Des « casseroles sur la tête des motocyclistes » au Bénin ? Je suis certainement mal informé. Et tu voudras bien prendre le fait que je n’ai pas accès à France 2, comme mon excuse. En août 2014, moi j’étais au Bénin. Je doute fort que tu y étais toi aussi. Si non, on n’a pas été aux mêmes endroits et vu les mêmes choses. Les casseroles, moi je les ai vus dans la cuisine de ma mère. Quand elles sont sur le feu, il y a de ces saveurs épicées qui m’empêchent de me concentrer sur le film que je suis. Quelque part chez la vendeuse de pate de maïs ou d’atassi, il y avait de grosses casseroles multitâches, au derrière noircit par le feu de bois. J’ai vu aussi des casseroles en vente au marché Dantokpa à Cotonou. Parles-tu de ces mêmes casseroles ?

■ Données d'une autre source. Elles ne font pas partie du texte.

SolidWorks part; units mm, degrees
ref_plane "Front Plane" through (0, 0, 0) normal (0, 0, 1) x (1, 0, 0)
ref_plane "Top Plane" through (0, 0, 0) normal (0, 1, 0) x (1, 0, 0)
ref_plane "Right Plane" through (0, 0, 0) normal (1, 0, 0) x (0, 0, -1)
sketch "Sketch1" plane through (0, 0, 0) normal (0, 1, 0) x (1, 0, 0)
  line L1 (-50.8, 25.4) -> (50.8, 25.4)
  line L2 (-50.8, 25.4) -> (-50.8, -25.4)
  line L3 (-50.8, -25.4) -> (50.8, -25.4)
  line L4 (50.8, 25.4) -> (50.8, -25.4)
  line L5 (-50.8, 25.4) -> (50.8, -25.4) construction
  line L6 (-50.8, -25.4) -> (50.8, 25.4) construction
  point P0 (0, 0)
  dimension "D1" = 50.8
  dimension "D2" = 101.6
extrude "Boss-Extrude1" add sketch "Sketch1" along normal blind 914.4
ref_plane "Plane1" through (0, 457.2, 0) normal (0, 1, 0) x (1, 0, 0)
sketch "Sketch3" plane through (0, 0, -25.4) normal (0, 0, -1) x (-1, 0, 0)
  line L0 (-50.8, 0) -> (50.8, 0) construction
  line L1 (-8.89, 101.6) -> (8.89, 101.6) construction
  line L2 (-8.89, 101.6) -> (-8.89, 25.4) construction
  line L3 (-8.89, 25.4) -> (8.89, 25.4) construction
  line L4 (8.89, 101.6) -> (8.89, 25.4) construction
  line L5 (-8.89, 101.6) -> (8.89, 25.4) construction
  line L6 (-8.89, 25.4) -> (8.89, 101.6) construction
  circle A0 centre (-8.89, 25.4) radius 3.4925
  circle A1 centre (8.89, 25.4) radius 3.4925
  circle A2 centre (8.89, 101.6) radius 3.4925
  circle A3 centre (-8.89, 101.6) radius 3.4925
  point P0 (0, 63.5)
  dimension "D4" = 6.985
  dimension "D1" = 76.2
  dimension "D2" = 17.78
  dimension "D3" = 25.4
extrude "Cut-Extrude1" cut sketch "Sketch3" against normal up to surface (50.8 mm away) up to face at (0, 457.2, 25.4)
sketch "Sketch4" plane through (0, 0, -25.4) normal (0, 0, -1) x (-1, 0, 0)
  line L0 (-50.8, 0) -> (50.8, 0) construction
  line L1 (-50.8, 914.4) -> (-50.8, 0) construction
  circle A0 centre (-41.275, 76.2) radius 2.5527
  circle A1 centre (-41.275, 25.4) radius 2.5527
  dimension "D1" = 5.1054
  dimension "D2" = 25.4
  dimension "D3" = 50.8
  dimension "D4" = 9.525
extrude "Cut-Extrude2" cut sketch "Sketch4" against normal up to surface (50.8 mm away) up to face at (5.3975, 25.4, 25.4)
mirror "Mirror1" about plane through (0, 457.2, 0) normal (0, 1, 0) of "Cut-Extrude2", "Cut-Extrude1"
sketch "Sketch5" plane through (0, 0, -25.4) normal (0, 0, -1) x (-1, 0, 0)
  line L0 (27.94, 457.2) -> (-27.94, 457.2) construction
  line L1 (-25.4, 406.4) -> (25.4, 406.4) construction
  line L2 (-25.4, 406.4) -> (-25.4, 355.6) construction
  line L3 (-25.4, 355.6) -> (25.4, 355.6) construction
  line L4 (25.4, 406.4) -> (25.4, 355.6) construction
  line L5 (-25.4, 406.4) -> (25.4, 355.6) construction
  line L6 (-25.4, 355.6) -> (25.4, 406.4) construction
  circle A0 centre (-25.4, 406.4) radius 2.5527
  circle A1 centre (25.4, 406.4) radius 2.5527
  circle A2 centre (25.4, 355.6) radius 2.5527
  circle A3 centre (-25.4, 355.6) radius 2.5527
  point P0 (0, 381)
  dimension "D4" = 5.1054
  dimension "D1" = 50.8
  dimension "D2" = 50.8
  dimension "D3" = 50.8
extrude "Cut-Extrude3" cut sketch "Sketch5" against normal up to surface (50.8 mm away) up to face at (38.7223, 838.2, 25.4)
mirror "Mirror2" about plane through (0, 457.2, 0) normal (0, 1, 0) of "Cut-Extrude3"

Cher Nagui, le temps où en Afrique il n’y avait que des singes, des arbres et des lianes pour se déplacer, est révolu. Le temps où de l’Afrique, on dit que n’y vivent que les barbares, est dépassé. Et même ces discours, j’ai toujours pensé qu’ils sont de ceux qui ne sont jamais allés en Afrique. De ceux qui ne connaissent pas l’Afrique. Ceux qui n’ont pas les moyens que tu as pour échapper à la bêtise. Au moins, toi tu y es né ; du moins quelque part sur ce continent. Donc je suppose que tu la connais en partie. C’est pour cela que je suis surpris par ta question. Chez moi, il y a des casques pour la protection de nos têtes et des casseroles pour faire la cuisine. Nous ne marchons pas sur les mains. Chez nous, nous essayons de faire les choses petitement, sans trop nous endetter. Sans obliger des gens à dormir dans la rue. Nous n’avons pas beaucoup d’animateurs de ta trempe, mais ils essayent de ne pas dire des stupidités. Aujourd’hui, il y a internet fort heureusement. L’Afrique est connectée, mon Bénin aussi. Donc, il y a de ces clichés qu’il faut vite enterrer, parce que chez nous, on est bien dans la tête, dans le cœur et dans la peau.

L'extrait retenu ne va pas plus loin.